### WORK REQUIRED
Among the entries below, find how many lines carry the word "import" and state only that figure.

### GIVEN INFORMATION
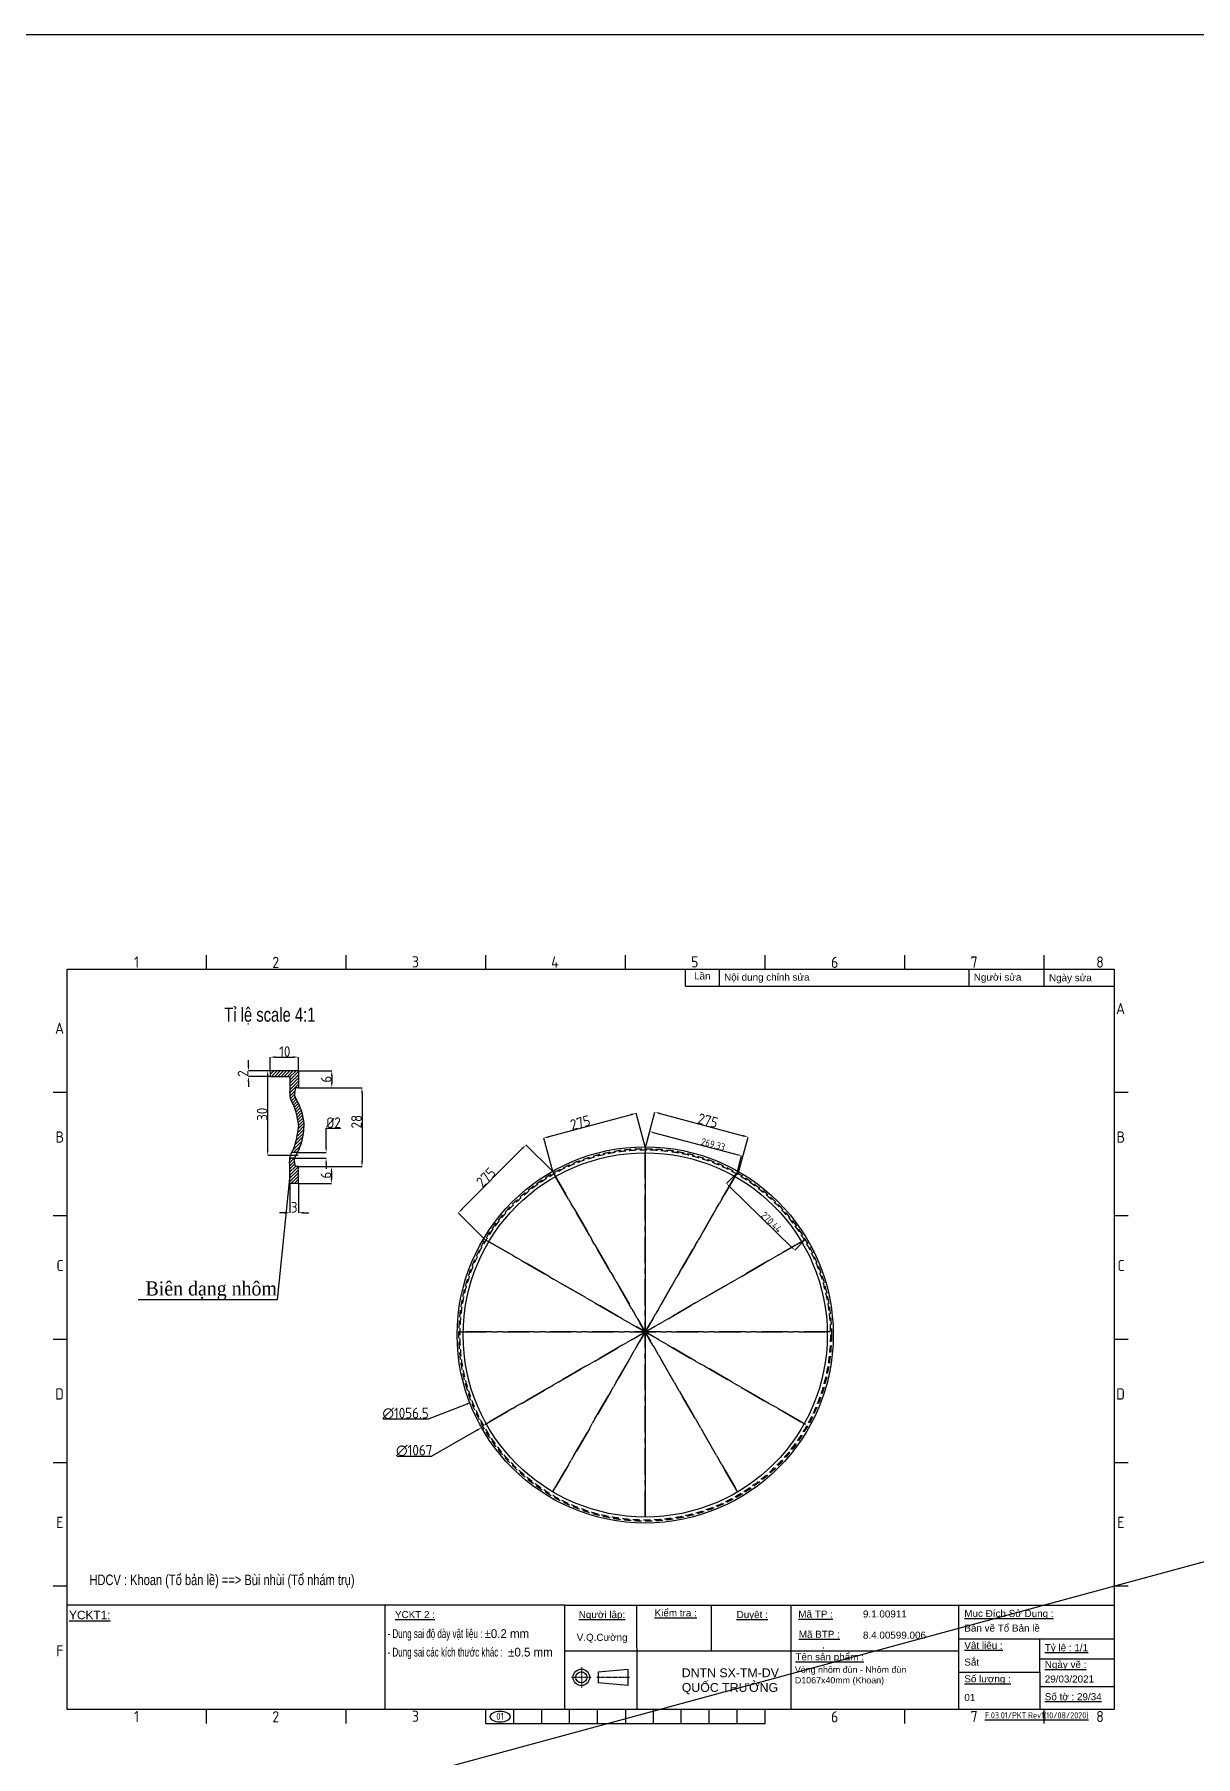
# Model space of a CAD drawing. Header units: millimetres. Extents: x -205945 to -46279, y 28253 to 108078.
# Drawn here: x -86055 to -82761, y 42130 to 47014 of the extents above; entities that cross this region are included whole.
import ezdxf
from ezdxf import colors
from ezdxf.entities.mleader import LeaderData, LeaderLine
from ezdxf.math import Vec2, Vec3

# ---------------------------------------------------------------- set-up
doc = ezdxf.new("R2010")
doc.units = ezdxf.units.MM
doc.header["$PDMODE"] = 2
for name, pattern in [('CENTER', [2, 1.25, -0.25, 0.25, -0.25]), ('CENTERX2', [4, 2.5, -0.5, 0.5, -0.5]), ('CONTPVMNIL', [0]), ('DASHEDX2', [1.5, 1, -0.5])]:
    doc.linetypes.add(name, pattern=pattern)
doc.layers.get('0').update_dxf_attribs({"linetype": 'CONTPVMNIL'})
doc.layers.get('DEFPOINTS').update_dxf_attribs({"color": 6})
for name, color, linetype in [('CENTER', 1, 'CENTERX2'), ('FRAME050', 6, 'Continuous'), ('hatch', 4, 'DASHEDX2'), ('MAIN', 7, 'Continuous')]:
    doc.layers.add(name, color=color, linetype=linetype)
doc.styles.add('ISOCP', font='isocp')
doc.styles.add('SLDTEXTSTYLE1', font='timesi.ttf', dxfattribs={"width": 0.933})
doc.styles.add('SLDTEXTSTYLE3', font='TXT', dxfattribs={"width": 0.65, "bigfont": 'bigfont'})
doc.styles.get("Standard").update_dxf_attribs({"font": 'isocp.shx'})
doc.styles.add('style1', font='arial.ttf', dxfattribs={"width": 0.75})
doc.dimstyles.new('Dim20$0', dxfattribs={"dimtxt": 20, "dimasz": 10, "dimexe": 0, "dimexo": 0, "dimgap": 0.6, "dimtad": 1, "dimtoh": 1, "dimdsep": 46, "dimtxsty": 'ISOCP', "dimcen": 0, "dimclrd": 3, "dimclre": 3, "dimclrt": 7, "dimadec": 3, "dimazin": 2, "dimtp": 0.05, "dimtm": 0.05, "dimtfac": 0.7, "dimtofl": 0, "dimtmove": 0, "dimatfit": 3, "dimfxl": 0, "dimtolj": 1, "dimarcsym": 0})
doc.dimstyles.new('Dim20$3', dxfattribs={"dimtxt": 20, "dimasz": 10, "dimexe": 0, "dimexo": 0, "dimgap": 0.6, "dimtad": 1, "dimtoh": 1, "dimdsep": 46, "dimtxsty": 'ISOCP', "dimcen": 0, "dimclrd": 3, "dimclre": 3, "dimclrt": 7, "dimadec": 3, "dimazin": 2, "dimtp": 0.05, "dimtm": 0.05, "dimtfac": 0.7, "dimtofl": 0, "dimtmove": 0, "dimatfit": 3, "dimfxl": 0, "dimtolj": 1, "dimarcsym": 0})

# ---------------------------------------------------------------- blocks, each defined once
blk = doc.blocks.new('ẢERHAEEH')
at = {"layer": 'FRAME050'}
for p, q in [((-261.36, 213.96), (-261.36, 217.92)), ((-221.76, 213.96), (-221.76, 217.92)), ((-182.16, 213.96), (-182.16, 217.92)), ((-142.56, 213.96), (-142.56, 217.92)), ((-102.96, 213.96), (-102.96, 217.92)), ((-63.36, 213.96), (-63.36, 217.92)), ((-23.76, 213.96), (-23.76, 217.92)), ((-300.96, 178.96), (-304.92, 178.96)), ((0, 178.96), (-3.96, 178.96)), ((-300.96, 143.96), (-304.92, 143.96)), ((0, 143.96), (-3.96, 143.96)), ((-304.92, 108.96), (-300.96, 108.96)), ((-3.96, 108.96), (0, 108.96)), ((-300.96, 73.96), (-304.92, 73.96)), ((0, 73.96), (-3.96, 73.96)), ((-300.96, 38.96), (-304.92, 38.96)), ((0, 38.96), (-3.96, 38.96)), ((-261.36, 0), (-261.36, 3.96)), ((-221.76, 0), (-221.76, 3.96)), ((-182.16, 0), (-182.16, 3.96)), ((-182.16, 0), (-102.96, 0)), ((-174.24, 0), (-174.24, 3.96)), ((-166.32, 0), (-166.32, 3.96)), ((-158.4, 0), (-158.4, 3.96)), ((-150.48, 0), (-150.48, 3.96)), ((-142.56, 3.96), (-142.56, 0)), ((-134.64, 0), (-134.64, 3.96)), ((-126.72, 0), (-126.72, 3.96)), ((-118.8, 0), (-118.8, 3.96)), ((-110.88, 0), (-110.88, 3.96)), ((-102.96, 0), (-102.96, 3.96)), ((-63.36, 0), (-63.36, 3.96)), ((-23.76, 0), (-23.76, 3.96))]:
    blk.add_line(p, q, dxfattribs=at)
at = {"layer": 'MAIN', "color": 7, "linetype": 'Continuous'}
blk.add_lwpolyline([(-300.96, 213.96), (-3.96, 213.96), (-3.96, 3.96), (-300.96, 3.96)], close=True, dxfattribs=at)
at = {"layer": 'FRAME050', "style": 'ISOCP'}
for s, p in [('1', (-281.95, 214.36)), ('2', (-242.72, 214.28)), ('3', (-203.13, 214.42)), ('4', (-163.63, 214.36)), ('5', (-123.93, 214.42)), ('6', (-84.25, 214.28)), ('7', (-44.67, 214.36)), ('8', (-9.03, 214.36)), ('A', (-3.41, 201.17)), ('A', (-304.37, 195.59)), ('B', (-304.21, 164.74)), ('B', (-3.25, 164.74)), ('C', (-303.97, 128.3)), ('C', (-3.01, 128.3)), ('D', (-304.3, 91.87)), ('D', (-3.34, 91.87)), ('E', (-304.05, 55.44)), ('E', (-3.09, 55.44)), ('F', (-304.05, 19.01)), ('1', (-281.95, 0.4)), ('2', (-242.72, 0.32)), ('3', (-203.13, 0.46)), ('6', (-84.25, 0.32)), ('7', (-44.67, 0.4)), ('8', (-9.03, 0.4))]:
    blk.add_text(s, height=3.17, dxfattribs=at).set_placement(p)
blk = doc.blocks.new('*D144')
at = {"color": 3, "lineweight": -2, "ltscale": 30, "transparency": 16777216}
for p, q in [((-85330, 43755.2), (-85330, 43672.4)), ((-85306, 43755.2), (-85306, 43672.4)), ((-85345, 43672.4), (-85360, 43672.4)), ((-85291, 43672.4), (-85276, 43672.4))]:
    blk.add_line(p, q, dxfattribs=at)
at = {"color": 3, "ltscale": 30, "transparency": 16777216}
for points in [[(-85345, 43674.9), (-85345, 43669.9), (-85330, 43672.4)], [(-85291, 43674.9), (-85291, 43669.9), (-85306, 43672.4)]]:
    blk.add_solid(points, dxfattribs=at)
at = {"layer": 'DEFPOINTS', "color": 0, "ltscale": 30, "transparency": 16777216}
for p in [(-85330, 43755.2), (-85306, 43755.2), (-85306, 43672.4)]:
    blk.add_point(p, dxfattribs=at)
at = {"color": 7, "ltscale": 30, "transparency": 16777216, "insert": (-85318, 43688), "char_height": 30, "attachment_point": 5, "style": 'ISOCP'}
blk.add_mtext('\\A1;3', dxfattribs=at)
blk = doc.blocks.new('*D145')
at = {"color": 3, "lineweight": -2, "ltscale": 30, "transparency": 16777216}
for p, q in [((-85306, 43803.2), (-85212.1, 43803.2)), ((-85212.1, 43788.2), (-85212.1, 43770.2)), ((-85306, 43755.2), (-85212.1, 43755.2))]:
    blk.add_line(p, q, dxfattribs=at)
at = {"color": 3, "ltscale": 30, "transparency": 16777216}
for points in [[(-85214.6, 43788.2), (-85209.6, 43788.2), (-85212.1, 43803.2)], [(-85214.6, 43770.2), (-85209.6, 43770.2), (-85212.1, 43755.2)]]:
    blk.add_solid(points, dxfattribs=at)
at = {"layer": 'DEFPOINTS', "color": 0, "ltscale": 30, "transparency": 16777216}
for p in [(-85306, 43803.2), (-85306, 43755.2), (-85212.1, 43755.2)]:
    blk.add_point(p, dxfattribs=at)
at = {"color": 7, "ltscale": 30, "transparency": 16777216, "insert": (-85227.7, 43779.2), "char_height": 30, "attachment_point": 5, "rotation": 90, "style": 'ISOCP'}
blk.add_mtext('\\A1;6', dxfattribs=at)
blk = doc.blocks.new('*D146')
at = {"color": 3, "lineweight": -2, "ltscale": 30, "transparency": 16777216}
for p, q in [((-85306, 44075.2), (-85211.3, 44075.2)), ((-85211.3, 44060.2), (-85211.3, 44042.2)), ((-85306, 44027.2), (-85211.3, 44027.2))]:
    blk.add_line(p, q, dxfattribs=at)
at = {"color": 3, "ltscale": 30, "transparency": 16777216}
for points in [[(-85213.8, 44060.2), (-85208.8, 44060.2), (-85211.3, 44075.2)], [(-85213.8, 44042.2), (-85208.8, 44042.2), (-85211.3, 44027.2)]]:
    blk.add_solid(points, dxfattribs=at)
at = {"layer": 'DEFPOINTS', "color": 0, "ltscale": 30, "transparency": 16777216}
for p in [(-85306, 44075.2), (-85306, 44027.2), (-85211.3, 44027.2)]:
    blk.add_point(p, dxfattribs=at)
at = {"color": 7, "ltscale": 30, "transparency": 16777216, "insert": (-85226.9, 44051.2), "char_height": 30, "attachment_point": 5, "rotation": 90, "style": 'ISOCP'}
blk.add_mtext('\\A1;6', dxfattribs=at)
blk = doc.blocks.new('*D147')
at = {"color": 3, "lineweight": -2, "ltscale": 30, "transparency": 16777216}
for p, q in [((-85386, 44075.2), (-85386, 44114)), ((-85371, 44114), (-85321, 44114)), ((-85306, 44075.2), (-85306, 44114))]:
    blk.add_line(p, q, dxfattribs=at)
at = {"color": 3, "ltscale": 30, "transparency": 16777216}
for points in [[(-85371, 44116.5), (-85371, 44111.5), (-85386, 44114)], [(-85321, 44116.5), (-85321, 44111.5), (-85306, 44114)]]:
    blk.add_solid(points, dxfattribs=at)
at = {"layer": 'DEFPOINTS', "color": 0, "ltscale": 30, "transparency": 16777216}
for p in [(-85306, 44114), (-85386, 44075.2), (-85306, 44075.2)]:
    blk.add_point(p, dxfattribs=at)
at = {"color": 7, "ltscale": 30, "transparency": 16777216, "insert": (-85344.6, 44129.6), "char_height": 30, "attachment_point": 5, "style": 'ISOCP'}
blk.add_mtext('\\A1;10', dxfattribs=at)
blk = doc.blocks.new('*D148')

### ANSWER TO THIS EXERCISE
4